Тито кричал во все горло, что этот человек хотел его убить, и что он требует суда над ним; опрокинутая подпорка подтверждала его слова. Присутствующие начали роптать, и один из них, смелее прочих, хотел схватить Пиппо за ворот. Пиппо, поступавший так из простого сумасбродства и глядевший на всю эту сцену смеясь, в свою очередь пришел в бешенство, видя, что его хотят тащить в тюрьму, как убийцу. Резко оттолкнув пытавшегося задержать его, он бросился на Тито.

– Это тебя, – вскричал он, хватая его, – тебя надо взять за шиворот и повести на площадь Святого Марка, чтобы повесить там, как вора! Знаешь ли ты, с кем ты говоришь, мошенник? Я – Помпонио Вечеллио, сын Тициана! Я пихнул сейчас ногой твой гнилой балаган; но если бы на моем месте был мой отец, то будь уверен, что он так тряхнул бы тебя на твоих подмостках, чтобы отучить называться Тицианелло, что ты полетел бы вниз, как червивое яблоко. Но он не ограничился бы этим. Он взял бы тебя за ухо, наглый мальчишка, и отвел бы в мастерскую, из которой ты убежал, не научившись рисовать простую голову. Какое право имеешь ты пачкать стены этого монастыря и подписываться моим именем под своими жалкими фресками? Пойди-ка, поучись прежде анатомии и поработай над трупами десять лет, как я у моего отца, и тогда мы посмотрим, что ты из себя представляешь, и имеешь ли право на это имя. А до тех пор не осмеливайся присваивать себе то, что принадлежит мне одному, иначе я сброшу тебя однажды в канал, чтобы окрестить раз и навсегда!

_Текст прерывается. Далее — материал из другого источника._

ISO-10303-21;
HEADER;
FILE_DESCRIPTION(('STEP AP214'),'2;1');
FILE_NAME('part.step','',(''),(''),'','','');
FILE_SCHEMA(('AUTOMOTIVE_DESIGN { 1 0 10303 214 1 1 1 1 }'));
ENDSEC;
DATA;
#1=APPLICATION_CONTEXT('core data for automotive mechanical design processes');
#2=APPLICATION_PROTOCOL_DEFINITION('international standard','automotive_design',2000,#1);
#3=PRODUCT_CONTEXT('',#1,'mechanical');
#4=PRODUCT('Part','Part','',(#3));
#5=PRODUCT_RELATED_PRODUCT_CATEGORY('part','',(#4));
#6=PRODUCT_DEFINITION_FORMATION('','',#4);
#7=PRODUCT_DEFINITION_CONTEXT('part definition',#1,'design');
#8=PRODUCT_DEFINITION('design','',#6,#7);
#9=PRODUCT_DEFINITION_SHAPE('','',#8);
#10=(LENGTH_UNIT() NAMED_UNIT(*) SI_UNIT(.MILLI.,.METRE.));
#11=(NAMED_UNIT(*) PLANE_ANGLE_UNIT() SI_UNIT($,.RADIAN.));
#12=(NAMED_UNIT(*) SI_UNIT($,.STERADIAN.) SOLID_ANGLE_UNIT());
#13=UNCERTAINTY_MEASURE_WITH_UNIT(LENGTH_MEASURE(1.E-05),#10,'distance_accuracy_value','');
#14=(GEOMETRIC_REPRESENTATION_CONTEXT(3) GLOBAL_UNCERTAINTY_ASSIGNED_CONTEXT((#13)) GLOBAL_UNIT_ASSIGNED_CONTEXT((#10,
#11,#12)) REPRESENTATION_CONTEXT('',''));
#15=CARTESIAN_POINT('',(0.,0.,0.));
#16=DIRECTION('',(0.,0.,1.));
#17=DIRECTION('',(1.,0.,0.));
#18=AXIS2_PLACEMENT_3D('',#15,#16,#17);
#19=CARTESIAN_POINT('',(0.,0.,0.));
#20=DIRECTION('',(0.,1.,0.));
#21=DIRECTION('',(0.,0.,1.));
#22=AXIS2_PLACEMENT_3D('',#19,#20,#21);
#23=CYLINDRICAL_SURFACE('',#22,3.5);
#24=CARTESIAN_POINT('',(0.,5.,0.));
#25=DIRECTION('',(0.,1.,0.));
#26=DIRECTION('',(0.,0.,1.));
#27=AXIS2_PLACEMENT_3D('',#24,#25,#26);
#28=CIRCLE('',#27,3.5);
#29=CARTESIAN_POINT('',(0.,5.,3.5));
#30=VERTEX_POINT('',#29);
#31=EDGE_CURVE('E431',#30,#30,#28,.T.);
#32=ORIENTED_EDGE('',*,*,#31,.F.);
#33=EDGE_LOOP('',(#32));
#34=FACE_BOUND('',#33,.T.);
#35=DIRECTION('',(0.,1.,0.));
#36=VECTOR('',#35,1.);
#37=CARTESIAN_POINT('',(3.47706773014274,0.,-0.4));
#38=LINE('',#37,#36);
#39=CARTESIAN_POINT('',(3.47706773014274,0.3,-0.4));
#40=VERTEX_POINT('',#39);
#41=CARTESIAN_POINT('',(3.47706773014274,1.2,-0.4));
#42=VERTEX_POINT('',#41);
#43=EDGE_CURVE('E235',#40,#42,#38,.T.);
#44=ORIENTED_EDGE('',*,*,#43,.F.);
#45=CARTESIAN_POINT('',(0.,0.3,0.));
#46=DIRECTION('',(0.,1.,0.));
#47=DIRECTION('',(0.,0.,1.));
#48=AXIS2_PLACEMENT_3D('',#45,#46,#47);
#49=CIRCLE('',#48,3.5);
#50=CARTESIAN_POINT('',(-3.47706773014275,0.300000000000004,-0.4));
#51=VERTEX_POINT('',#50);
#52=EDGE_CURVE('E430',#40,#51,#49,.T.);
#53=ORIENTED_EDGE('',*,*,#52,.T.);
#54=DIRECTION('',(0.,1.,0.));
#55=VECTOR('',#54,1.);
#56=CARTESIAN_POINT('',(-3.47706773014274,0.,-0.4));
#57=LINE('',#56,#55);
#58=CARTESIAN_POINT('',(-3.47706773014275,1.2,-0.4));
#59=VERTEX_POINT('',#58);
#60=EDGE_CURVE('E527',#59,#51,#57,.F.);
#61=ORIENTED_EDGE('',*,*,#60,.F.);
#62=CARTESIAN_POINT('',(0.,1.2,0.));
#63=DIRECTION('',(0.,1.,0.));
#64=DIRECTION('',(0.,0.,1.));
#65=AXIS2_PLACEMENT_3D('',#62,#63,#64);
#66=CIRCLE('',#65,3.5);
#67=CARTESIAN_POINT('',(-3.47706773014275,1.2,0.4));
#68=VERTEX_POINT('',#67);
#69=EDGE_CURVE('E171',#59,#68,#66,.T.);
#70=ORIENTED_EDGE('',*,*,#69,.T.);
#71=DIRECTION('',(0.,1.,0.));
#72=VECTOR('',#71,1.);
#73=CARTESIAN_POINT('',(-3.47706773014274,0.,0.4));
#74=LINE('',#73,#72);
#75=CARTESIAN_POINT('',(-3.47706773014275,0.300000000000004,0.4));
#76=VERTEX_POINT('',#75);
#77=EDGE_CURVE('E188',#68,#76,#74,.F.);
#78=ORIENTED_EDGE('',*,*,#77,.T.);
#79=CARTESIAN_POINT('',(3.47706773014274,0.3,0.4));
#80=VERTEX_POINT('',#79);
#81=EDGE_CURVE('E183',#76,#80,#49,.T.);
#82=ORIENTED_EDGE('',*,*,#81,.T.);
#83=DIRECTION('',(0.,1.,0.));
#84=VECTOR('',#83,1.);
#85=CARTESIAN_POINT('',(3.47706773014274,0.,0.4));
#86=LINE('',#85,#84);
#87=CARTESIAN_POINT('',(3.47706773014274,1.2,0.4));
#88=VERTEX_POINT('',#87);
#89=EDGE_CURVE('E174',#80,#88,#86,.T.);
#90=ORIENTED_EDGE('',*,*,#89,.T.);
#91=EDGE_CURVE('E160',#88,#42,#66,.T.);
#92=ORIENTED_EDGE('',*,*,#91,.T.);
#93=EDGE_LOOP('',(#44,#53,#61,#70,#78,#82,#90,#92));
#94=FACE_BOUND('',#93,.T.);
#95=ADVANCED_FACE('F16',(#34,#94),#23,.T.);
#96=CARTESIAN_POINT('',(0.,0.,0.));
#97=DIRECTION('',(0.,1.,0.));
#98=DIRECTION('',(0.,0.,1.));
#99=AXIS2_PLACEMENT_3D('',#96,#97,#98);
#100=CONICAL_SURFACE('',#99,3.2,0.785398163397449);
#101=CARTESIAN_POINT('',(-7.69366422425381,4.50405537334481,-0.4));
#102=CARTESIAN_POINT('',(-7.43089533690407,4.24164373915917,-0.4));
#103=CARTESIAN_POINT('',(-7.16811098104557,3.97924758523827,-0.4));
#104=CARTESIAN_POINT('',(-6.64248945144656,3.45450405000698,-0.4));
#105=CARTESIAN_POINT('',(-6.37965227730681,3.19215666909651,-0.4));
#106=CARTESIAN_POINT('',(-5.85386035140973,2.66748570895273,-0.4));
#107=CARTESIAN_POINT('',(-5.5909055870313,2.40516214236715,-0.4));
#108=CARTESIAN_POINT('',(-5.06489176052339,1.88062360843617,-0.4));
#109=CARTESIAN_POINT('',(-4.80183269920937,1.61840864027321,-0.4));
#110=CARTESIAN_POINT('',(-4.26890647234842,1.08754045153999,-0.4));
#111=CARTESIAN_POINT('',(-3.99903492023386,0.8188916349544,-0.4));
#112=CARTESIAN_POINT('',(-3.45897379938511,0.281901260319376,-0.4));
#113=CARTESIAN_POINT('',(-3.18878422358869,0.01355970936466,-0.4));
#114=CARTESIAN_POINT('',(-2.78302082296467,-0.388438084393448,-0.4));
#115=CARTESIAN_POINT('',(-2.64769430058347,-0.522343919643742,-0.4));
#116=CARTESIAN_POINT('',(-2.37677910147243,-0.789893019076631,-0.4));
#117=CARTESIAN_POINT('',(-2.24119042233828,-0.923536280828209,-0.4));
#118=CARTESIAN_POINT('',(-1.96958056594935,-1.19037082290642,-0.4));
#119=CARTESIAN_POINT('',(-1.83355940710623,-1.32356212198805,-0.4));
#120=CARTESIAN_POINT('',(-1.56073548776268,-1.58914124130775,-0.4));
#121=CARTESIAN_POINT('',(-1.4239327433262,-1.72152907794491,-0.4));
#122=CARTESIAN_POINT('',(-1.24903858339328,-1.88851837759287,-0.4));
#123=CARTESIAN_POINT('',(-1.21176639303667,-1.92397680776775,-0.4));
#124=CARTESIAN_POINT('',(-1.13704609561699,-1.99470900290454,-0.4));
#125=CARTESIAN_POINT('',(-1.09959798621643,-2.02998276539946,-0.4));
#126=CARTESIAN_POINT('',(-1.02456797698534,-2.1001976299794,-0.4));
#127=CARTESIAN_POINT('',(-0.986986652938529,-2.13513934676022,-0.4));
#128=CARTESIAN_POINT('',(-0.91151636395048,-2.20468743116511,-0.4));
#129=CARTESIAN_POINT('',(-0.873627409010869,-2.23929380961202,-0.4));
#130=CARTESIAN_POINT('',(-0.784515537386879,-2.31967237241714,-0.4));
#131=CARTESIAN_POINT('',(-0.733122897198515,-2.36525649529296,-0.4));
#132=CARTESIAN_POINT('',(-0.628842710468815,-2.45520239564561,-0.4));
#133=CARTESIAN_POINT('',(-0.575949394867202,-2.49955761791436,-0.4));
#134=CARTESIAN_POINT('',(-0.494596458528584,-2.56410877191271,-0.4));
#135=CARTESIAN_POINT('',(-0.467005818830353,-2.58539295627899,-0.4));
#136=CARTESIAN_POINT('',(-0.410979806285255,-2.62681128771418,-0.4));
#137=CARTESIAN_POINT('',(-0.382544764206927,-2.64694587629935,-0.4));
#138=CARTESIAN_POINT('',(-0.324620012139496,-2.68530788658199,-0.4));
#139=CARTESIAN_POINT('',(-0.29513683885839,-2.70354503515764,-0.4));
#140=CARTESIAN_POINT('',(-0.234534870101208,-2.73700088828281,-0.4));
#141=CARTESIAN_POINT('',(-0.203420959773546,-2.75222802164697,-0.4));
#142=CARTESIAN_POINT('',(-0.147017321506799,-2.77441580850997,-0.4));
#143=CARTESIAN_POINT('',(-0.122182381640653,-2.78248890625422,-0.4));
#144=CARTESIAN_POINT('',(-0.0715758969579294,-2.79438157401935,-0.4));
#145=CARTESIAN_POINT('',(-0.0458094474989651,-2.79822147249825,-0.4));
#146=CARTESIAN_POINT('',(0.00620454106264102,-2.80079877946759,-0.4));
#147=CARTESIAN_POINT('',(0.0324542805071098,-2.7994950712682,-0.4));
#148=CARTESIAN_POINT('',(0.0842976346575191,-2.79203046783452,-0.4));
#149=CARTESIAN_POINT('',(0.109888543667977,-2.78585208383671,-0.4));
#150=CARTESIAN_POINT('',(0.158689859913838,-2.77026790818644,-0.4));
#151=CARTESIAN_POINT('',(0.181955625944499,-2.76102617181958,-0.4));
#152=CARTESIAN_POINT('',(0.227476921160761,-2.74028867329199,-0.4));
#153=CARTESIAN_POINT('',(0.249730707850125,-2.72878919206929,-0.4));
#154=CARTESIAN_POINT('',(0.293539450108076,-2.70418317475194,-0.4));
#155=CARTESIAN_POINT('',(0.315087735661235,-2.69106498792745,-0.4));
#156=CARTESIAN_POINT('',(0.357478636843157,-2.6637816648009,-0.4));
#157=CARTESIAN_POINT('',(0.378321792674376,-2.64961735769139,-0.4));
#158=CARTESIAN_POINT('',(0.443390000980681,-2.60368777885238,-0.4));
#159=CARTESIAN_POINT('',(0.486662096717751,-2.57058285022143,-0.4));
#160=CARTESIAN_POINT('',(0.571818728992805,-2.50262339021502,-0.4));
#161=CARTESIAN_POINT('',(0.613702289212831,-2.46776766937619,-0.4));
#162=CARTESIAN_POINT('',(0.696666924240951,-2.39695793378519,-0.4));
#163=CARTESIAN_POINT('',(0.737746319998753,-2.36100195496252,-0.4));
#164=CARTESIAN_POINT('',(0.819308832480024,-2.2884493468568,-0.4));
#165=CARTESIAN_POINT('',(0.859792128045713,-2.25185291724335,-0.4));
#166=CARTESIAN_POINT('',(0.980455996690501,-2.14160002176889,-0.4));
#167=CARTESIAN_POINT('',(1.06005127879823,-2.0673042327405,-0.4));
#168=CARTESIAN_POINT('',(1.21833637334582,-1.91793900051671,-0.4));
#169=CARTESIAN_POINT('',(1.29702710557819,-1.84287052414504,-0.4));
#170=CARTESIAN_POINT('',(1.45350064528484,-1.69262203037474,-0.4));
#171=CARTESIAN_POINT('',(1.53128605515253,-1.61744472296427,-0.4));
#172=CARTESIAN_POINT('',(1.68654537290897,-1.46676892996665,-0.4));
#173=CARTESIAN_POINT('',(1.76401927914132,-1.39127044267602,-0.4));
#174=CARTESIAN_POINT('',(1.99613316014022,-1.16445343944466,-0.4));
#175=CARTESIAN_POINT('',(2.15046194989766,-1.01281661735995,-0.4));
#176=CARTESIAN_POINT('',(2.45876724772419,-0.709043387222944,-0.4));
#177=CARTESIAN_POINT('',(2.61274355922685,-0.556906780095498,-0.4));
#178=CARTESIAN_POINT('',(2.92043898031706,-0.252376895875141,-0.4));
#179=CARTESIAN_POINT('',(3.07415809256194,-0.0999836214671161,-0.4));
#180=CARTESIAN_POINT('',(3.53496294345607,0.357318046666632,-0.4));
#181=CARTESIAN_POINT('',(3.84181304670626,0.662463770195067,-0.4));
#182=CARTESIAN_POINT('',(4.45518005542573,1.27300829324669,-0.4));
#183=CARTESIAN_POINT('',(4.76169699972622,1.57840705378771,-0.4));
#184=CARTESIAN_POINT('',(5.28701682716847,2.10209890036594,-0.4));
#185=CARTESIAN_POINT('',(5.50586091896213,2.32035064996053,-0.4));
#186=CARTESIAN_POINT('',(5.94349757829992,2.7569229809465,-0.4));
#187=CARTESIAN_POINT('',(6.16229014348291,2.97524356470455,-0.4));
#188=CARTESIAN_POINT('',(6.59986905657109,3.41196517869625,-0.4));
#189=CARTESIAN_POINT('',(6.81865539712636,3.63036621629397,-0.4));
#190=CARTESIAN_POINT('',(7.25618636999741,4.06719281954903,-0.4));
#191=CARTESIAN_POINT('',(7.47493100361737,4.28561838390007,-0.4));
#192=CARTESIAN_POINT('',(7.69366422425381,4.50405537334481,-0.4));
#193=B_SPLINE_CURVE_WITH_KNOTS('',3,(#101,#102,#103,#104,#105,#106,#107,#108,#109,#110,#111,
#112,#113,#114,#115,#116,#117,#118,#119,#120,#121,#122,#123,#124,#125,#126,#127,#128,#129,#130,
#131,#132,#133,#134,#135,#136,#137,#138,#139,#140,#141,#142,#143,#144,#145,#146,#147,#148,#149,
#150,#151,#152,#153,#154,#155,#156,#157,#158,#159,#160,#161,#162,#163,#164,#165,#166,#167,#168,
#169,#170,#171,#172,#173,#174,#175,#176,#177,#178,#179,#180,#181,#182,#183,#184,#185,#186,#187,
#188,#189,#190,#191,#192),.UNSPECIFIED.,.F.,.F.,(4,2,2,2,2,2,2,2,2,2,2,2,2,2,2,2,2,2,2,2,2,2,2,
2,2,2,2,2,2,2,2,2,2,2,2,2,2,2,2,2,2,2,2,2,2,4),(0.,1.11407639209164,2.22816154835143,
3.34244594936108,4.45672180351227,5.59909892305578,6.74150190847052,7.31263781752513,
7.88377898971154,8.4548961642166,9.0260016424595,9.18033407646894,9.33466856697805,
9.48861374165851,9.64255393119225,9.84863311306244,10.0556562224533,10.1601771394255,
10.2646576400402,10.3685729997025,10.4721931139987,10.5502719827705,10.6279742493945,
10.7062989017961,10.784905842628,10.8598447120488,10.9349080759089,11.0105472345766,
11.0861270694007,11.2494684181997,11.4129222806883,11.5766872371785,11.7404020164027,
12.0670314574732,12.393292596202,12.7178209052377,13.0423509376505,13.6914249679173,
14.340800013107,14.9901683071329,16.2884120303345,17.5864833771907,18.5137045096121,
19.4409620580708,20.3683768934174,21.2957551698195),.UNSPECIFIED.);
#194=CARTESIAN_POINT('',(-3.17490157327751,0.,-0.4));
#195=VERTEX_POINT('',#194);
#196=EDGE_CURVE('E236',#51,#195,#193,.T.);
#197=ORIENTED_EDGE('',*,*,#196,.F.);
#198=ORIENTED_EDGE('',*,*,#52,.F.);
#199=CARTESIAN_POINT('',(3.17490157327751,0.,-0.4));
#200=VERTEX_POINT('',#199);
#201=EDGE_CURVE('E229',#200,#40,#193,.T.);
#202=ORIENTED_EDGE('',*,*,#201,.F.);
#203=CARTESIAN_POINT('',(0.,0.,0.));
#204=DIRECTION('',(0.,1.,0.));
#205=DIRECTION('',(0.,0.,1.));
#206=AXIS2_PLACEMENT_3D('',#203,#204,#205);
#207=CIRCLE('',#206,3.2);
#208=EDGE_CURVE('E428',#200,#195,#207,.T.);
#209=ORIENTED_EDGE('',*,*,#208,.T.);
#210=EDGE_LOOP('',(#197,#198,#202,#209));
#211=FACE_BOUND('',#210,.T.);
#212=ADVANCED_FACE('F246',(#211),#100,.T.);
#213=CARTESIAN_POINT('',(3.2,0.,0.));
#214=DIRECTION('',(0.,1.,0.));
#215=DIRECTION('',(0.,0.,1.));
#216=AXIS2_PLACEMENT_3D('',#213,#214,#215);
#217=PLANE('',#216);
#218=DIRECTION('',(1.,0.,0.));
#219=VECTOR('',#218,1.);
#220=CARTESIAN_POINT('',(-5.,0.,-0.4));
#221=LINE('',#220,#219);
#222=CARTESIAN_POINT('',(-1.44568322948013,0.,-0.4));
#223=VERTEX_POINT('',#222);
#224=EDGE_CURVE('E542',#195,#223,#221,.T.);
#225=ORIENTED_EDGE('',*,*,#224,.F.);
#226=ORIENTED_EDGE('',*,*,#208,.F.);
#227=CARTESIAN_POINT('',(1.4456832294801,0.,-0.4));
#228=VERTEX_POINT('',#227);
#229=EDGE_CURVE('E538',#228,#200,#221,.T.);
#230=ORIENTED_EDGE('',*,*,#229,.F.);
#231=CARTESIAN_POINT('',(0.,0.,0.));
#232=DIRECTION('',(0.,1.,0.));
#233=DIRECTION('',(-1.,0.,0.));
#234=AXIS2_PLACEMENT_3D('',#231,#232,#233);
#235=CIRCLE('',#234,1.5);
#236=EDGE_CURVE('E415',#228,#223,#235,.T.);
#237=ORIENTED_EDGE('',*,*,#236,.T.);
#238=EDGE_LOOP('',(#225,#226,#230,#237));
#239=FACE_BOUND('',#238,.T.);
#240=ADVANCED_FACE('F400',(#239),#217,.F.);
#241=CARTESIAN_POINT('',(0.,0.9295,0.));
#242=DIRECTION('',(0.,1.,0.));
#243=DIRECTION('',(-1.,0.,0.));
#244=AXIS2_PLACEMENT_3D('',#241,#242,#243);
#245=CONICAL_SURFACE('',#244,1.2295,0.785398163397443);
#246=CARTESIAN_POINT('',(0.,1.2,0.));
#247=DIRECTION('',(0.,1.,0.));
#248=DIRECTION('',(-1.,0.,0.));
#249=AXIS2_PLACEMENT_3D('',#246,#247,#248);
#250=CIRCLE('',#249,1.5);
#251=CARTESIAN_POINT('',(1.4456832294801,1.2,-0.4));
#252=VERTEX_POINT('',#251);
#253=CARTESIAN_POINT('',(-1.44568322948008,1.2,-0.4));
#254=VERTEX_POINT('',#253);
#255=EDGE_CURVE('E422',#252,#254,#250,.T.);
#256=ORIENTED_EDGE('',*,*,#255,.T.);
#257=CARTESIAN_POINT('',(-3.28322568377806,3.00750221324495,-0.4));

С этими словами Пиппо вышел из церкви.

Как только толпа услышала его имя, она тотчас же успокоилась, расступилась перед ним, давая дорогу, и с любопытством пошла вслед за ним. Пиппо отправился в маленький домик, где его ждала Беатриче. Не говоря ей ни слова о случившимся, он взял палитру и, еще охваченный гневом, принялся рисовать.

Менее чем через час, портрет был окончен. Пиппо многое изменил в нем; он уничтожил некоторые детали; придал более естественное положение складкам драпировки; отделал фон и аксессуары, которые играют важную роль в венецианской живописи. Затем он перешел ко рту и глазам, и ему удалось несколькими мазками придать им совершенное выражение. Взгляд был нежен и горд; губы, над которыми виднелся легкий пушок, были полуоткрыты; зубы блестели, как перлы, и казалось, она сейчас заговорит.